PROMPT: From the records below, copy the lines that include "fixed".

[Records excerpted from a collection]

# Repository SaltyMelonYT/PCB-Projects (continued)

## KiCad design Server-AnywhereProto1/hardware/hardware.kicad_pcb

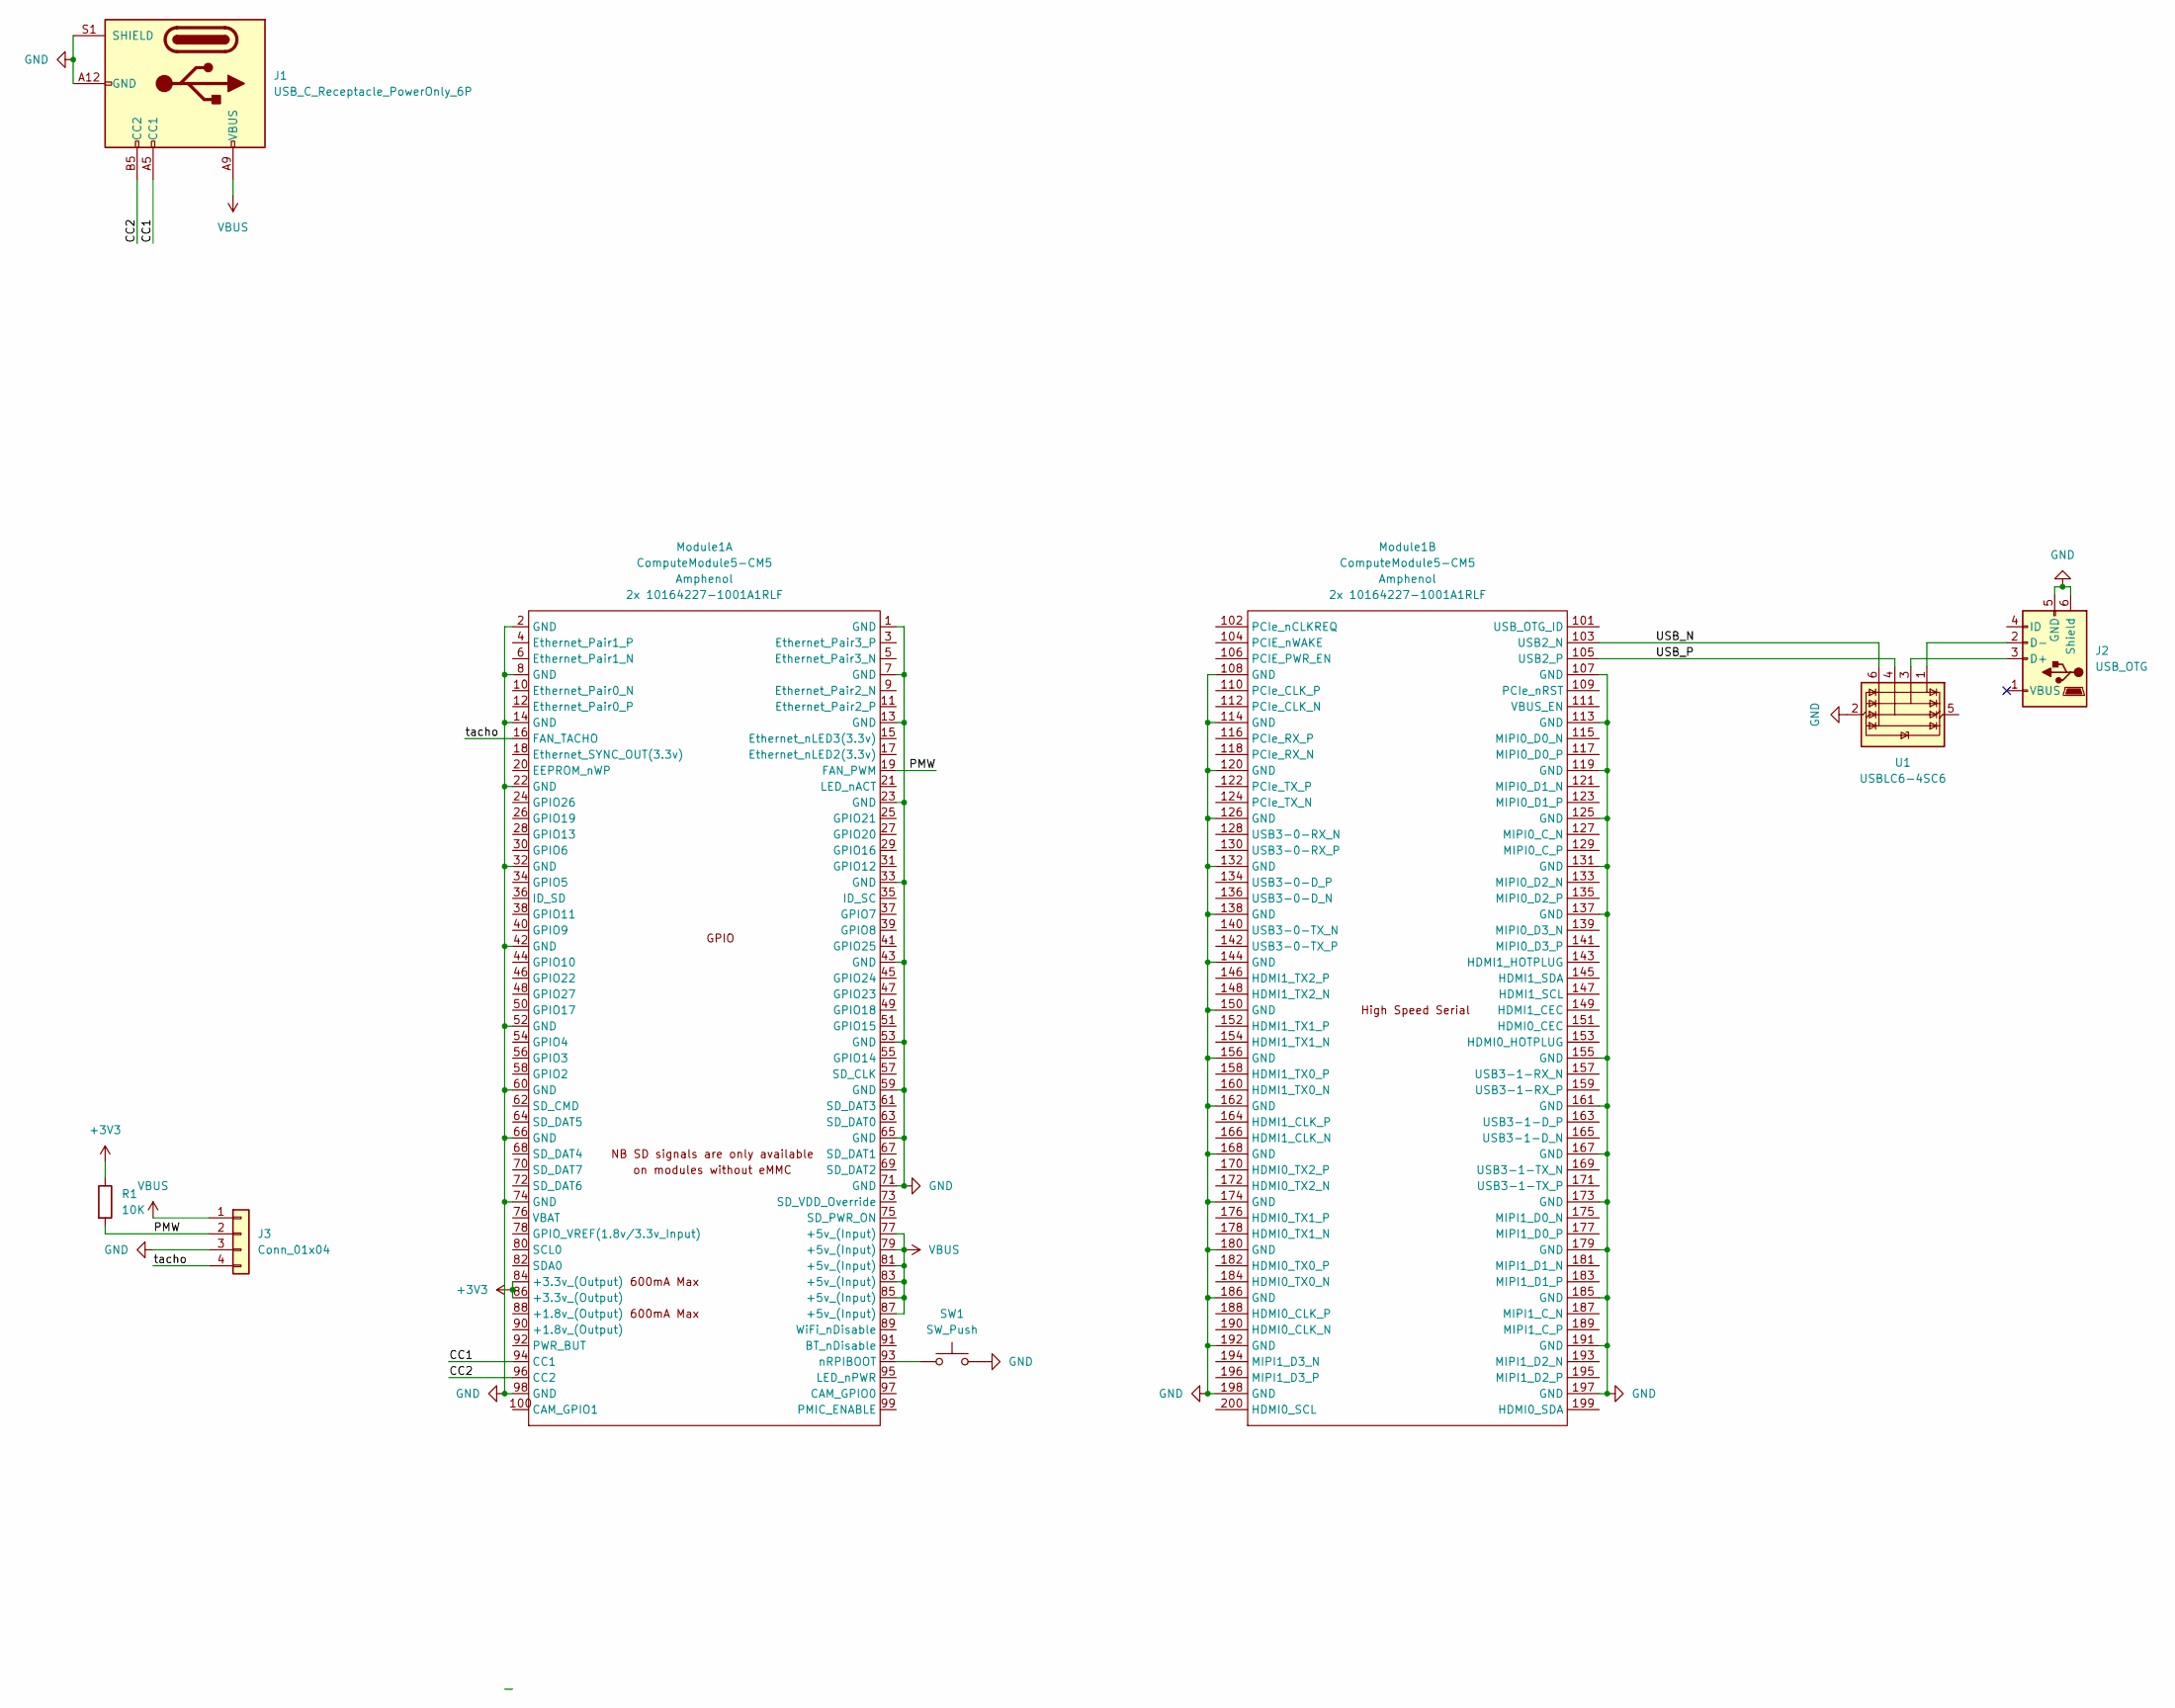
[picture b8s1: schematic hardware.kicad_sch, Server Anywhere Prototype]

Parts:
J1: USB_C_Receptacle_PowerOnly_6P; USB_C_Receptacle_GCT_USB4125-xx-x-0190_6P_TopMnt_Horizontal
J2: USB_OTG; USB_Micro-B_Amphenol_10103594-0001LF_Horizontal
J3: Conn_01x04; JST_SH_BM04B-SRSS-TB_1x04-1MP_P1.00mm_Vertical
Module1: ComputeModule5-CM5; Raspberry-Pi-5-Compute-Module
R1: 10K; R_2512_6332Metric_Pad1.40x3.35mm_HandSolder
SW1: SW_Push; SW_PUSH_6mm
U1: USBLC6-4SC6; SOT-23-6

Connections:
+3V3: Module1.84 (+3.3v_(Output)), Module1.86 (+3.3v_(Output)), R1.1
/CC1: J1.A5 (CC1), Module1.94 (CC1)
/CC2: J1.B5 (CC2), Module1.96 (CC2)
/PMW: J3.2, Module1.19 (FAN_PWM), R1.2
/USB_N: Module1.103 (USB2_N), U1.6 (I/O4)
/USB_P: Module1.105 (USB2_P), U1.4 (I/O3)
/tacho: J3.4, Module1.16 (FAN_TACHO)
GND: J1.A12 (GND), J1.B12 (GND), J1.S1 (SHIELD), J2.5 (GND), J2.6 (Shield), J3.3, Module1.1 (GND), Module1.2 (GND), Module1.7 (GND), Module1.8 (GND), Module1.13 (GND), Module1.14 (GND), Module1.22 (GND), Module1.23 (GND), Module1.32 (GND), Module1.33 (GND), Module1.42 (GND), Module1.43 (GND), Module1.52 (GND), Module1.53 (GND), Module1.59 (GND), Module1.60 (GND), Module1.65 (GND), Module1.66 (GND), Module1.71 (GND), Module1.74 (GND), Module1.98 (GND), Module1.107 (GND), Module1.108 (GND), Module1.113 (GND), Module1.114 (GND), Module1.119 (GND), Module1.120 (GND), Module1.125 (GND), Module1.126 (GND), Module1.131 (GND), Module1.132 (GND), Module1.137 (GND), Module1.138 (GND), Module1.144 (GND), Module1.150 (GND), Module1.155 (GND), Module1.156 (GND), Module1.161 (GND), Module1.162 (GND), Module1.167 (GND), Module1.168 (GND), Module1.173 (GND), Module1.174 (GND), Module1.179 (GND), Module1.180 (GND), Module1.185 (GND), Module1.186 (GND), Module1.191 (GND), Module1.192 (GND), Module1.197 (GND), Module1.198 (GND), SW1.2, U1.2 (GND)
unnamed: J2.3 (D+), U1.3 (I/O2)
unnamed: J2.2 (D-), U1.1 (I/O1)
unnamed: Module1.93 (nRPIBOOT), SW1.1
VBUS: J1.A9 (VBUS), J1.B9 (VBUS), J3.1, Module1.77 (+5v_(Input)), Module1.79 (+5v_(Input)), Module1.81 (+5v_(Input)), Module1.83 (+5v_(Input)), Module1.85 (+5v_(Input)), Module1.87 (+5v_(Input))

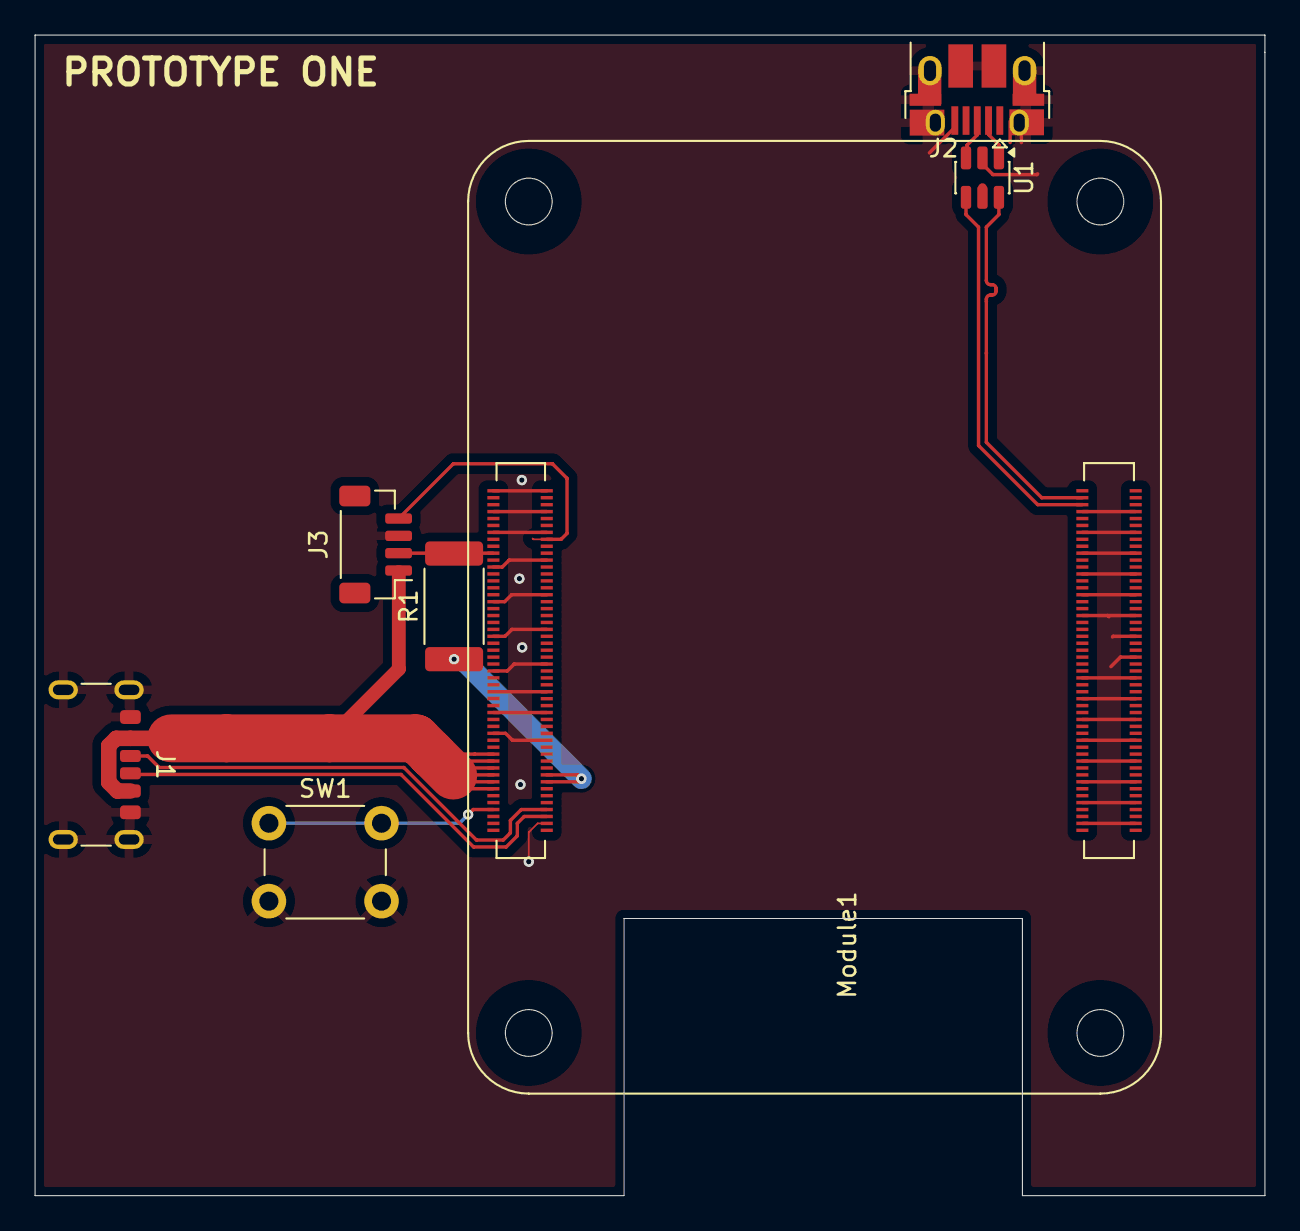
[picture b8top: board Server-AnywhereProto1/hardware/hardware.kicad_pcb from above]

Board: 2 copper layers, 71.0 x 67.0 mm, 7 parts (0 on the bottom side), 12 nets.

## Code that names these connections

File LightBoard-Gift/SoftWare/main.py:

from machine import Pin, PWM
import time

LED1 = 21
LED2 = 20
LED3 = 19
LED4 = 18
LED5 = 17
LED6 = 16
LED7 = 22
LED8 = 15
LED9 = 14
LED10 = 13

SWITCH = 4
BUTTON = 0

led1 = PWM(Pin(LED1))
led2 = PWM(Pin(LED2))
led3 = PWM(Pin(LED3))
led4 = PWM(Pin(LED4))
led5 = PWM(Pin(LED5))
led6 = PWM(Pin(LED6))
led7 = PWM(Pin(LED7))
led8 = PWM(Pin(LED8))
led9 = PWM(Pin(LED9))
led10 = PWM(Pin(LED10))

led1.freq(1000)
led2.freq(1000)
led3.freq(1000)
led4.freq(1000)
led5.freq(1000)
led6.freq(1000)
led7.freq(1000)
led8.freq(1000)
led9.freq(1000)
led10.freq(1000)

button = Pin(BUTTON, Pin.IN, Pin.PULL_UP)
switch = Pin(SWITCH, Pin.IN, Pin.PULL_UP)

mode = 0
last_button_state = 1
debounce_time = 0

def is_switch_on():
    if switch.value() == 0:
        return True
    else:
        led1.duty_u16(0)
        led2.duty_u16(0)
        led3.duty_u16(0)
        led4.duty_u16(0)
        led5.duty_u16(0)
        led6.duty_u16(0)
        led7.duty_u16(0)
        led8.duty_u16(0)
        led9.duty_u16(0)
        led10.duty_u16(0)
        return False

def check_button():
    global mode, last_button_state, debounce_time
    current_state = button.value()
    current_time = time.ticks_ms()
    
    if current_state == 0 and last_button_state == 1:
        if time.ticks_diff(current_time, debounce_time) > 200:
            mode = (mode+1)%3
            debounce_time = current_time
            mode_names = ['Solid', 'Flashing', 'Chase']
            print(f"Mode: {mode_names[mode]}")
    
    last_button_state = current_state

class States:
    @staticmethod
    def solid_mode():
        if not is_switch_on():
            return
        led1.duty_u16(65535)
        led2.duty_u16(65535)
        led3.duty_u16(65535)
        led4.duty_u16(65535)
        led5.duty_u16(65535)
        led6.duty_u16(65535)
        led7.duty_u16(65535)
        led8.duty_u16(65535)
        led9.duty_u16(65535)
        led10.duty_u16(65535)
        time.sleep(0.05)

    @staticmethod
    def flashing_mode():
        if not is_switch_on():
            return
        for duty in range(0, 65536, 512):
            if not is_switch_on():
                return
            led1.duty_u16(duty)
            led2.duty_u16(65535-duty)
            led3.duty_u16(duty)
            led4.duty_u16(65535-duty)
            led5.duty_u16(duty)
            led6.duty_u16(65535-duty)
            led7.duty_u16(duty)
            led8.duty_u16(65535-duty)
            led9.duty_u16(duty)
            led10.duty_u16(65535-duty)

            time.sleep(0.01)
            check_button()
            if mode != 1:
                return
        
        for duty in range(65535, -1, -512):
            if not is_switch_on():
                return
            led1.duty_u16(duty)
            led2.duty_u16(65535-duty)
            led3.duty_u16(duty)
            led4.duty_u16(65535-duty)
            led5.duty_u16(duty)
            led6.duty_u16(65535-duty)
            led7.duty_u16(duty)
            led8.duty_u16(65535-duty)
            led9.duty_u16(duty)
            led10.duty_u16(65535-duty)

            time.sleep(0.01)
            check_button()
            if mode != 1:
                return

    @staticmethod    
    def chase_mode():
        leds = [led1, led2, led3, led4, led5, led6, led7, led8, led9, led10]
        
        while True:
            if not is_switch_on():
                return
                
            for i in range(len(leds)):
                if not is_switch_on():
                    return
                for led in leds:
                    if not is_switch_on():
                        return
                    led.duty_u16(0)

                leds[i].duty_u16(65535)
                time.sleep(0.1)
                check_button()
                if mode != 2:
                    return

try:
    print("Starting - Mode: Solid")
    while True:
        check_button()
        
        if mode == 0:
            States.solid_mode()
        elif mode == 1:
            States.flashing_mode()
        else:
            States.chase_mode()
            
except KeyboardInterrupt:
    led1.duty_u16(0)
    led2.duty_u16(0)
    led3.duty_u16(0)
    led4.duty_u16(0)
    led5.duty_u16(0)
    led6.duty_u16(0)
    led7.duty_u16(0)
    led8.duty_u16(0)
    led9.duty_u16(0)
    led10.duty_u16(0)

    led1.deinit()
    led2.deinit()
    led3.deinit()
    led4.deinit()
    led5.deinit()
    led6.deinit()
    led7.deinit()
    led8.deinit()
    led9.deinit()
    led10.deinit()

    print("LED PWM stopped")

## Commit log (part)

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2025-09-30 Add LightBoard-Gift folder
2025-09-30 Add LightBoard-Gift contents instead of submodule
2025-09-30 Worked on PCB
2025-09-30 I guess I worked on stuff
2025-09-30 Work done so amazing
2025-09-30 Silly additions
2025-09-30 Added a third state
2025-10-01 Work Done
    Completely redesigned the PCB.
    Pico is now on the bottom of the board
    Mounting screw holes added
    Added a "power" switch
    Board got smaller 🥳
    Added resistors to protect LEDs and the Pico.
2025-10-01 Lowkey?
    Forgot to save the files before pushing the last commit
2025-10-01 Bruh
    I didn't save the code whoops
2025-10-02 Additional changes
    Also fixed the function of the on/off switch
2025-10-02 Work Done
    Guess what? YOU GET A 3D MODEL NOW!!!
2025-10-05 New gerbers
2025-10-09 Added case for lightboard
2025-11-05 New PCB project
2025-11-05 Work work work
2025-11-05 README.md
2025-11-05 Images for readme.md
2025-11-05 Add pictures section to README
    Added a section for pictures in the README.
2025-11-05 Namechange for ease
2025-11-05 Reworked the original Lightboard
2025-11-05 Worked on the remaster
    I noticed quite a few things wrong with it so I fixed it.
2025-11-05 Work Hard Play Harder
2025-11-05 Enjoy your new software
2025-11-05 Readme so tuff
2025-11-05 Whoops didn't save the file
2025-11-06 New project in the works
2025-11-06 Worked a little
    I think its far from done but I'm proud of what I have
2025-11-16 Yes twin
2025-11-18 V3 in the works!
2025-12-02 work done we ball
2026-02-13 Holy moly

SOLUTION:
    Also fixed the function of the on/off switch
    I noticed quite a few things wrong with it so I fixed it.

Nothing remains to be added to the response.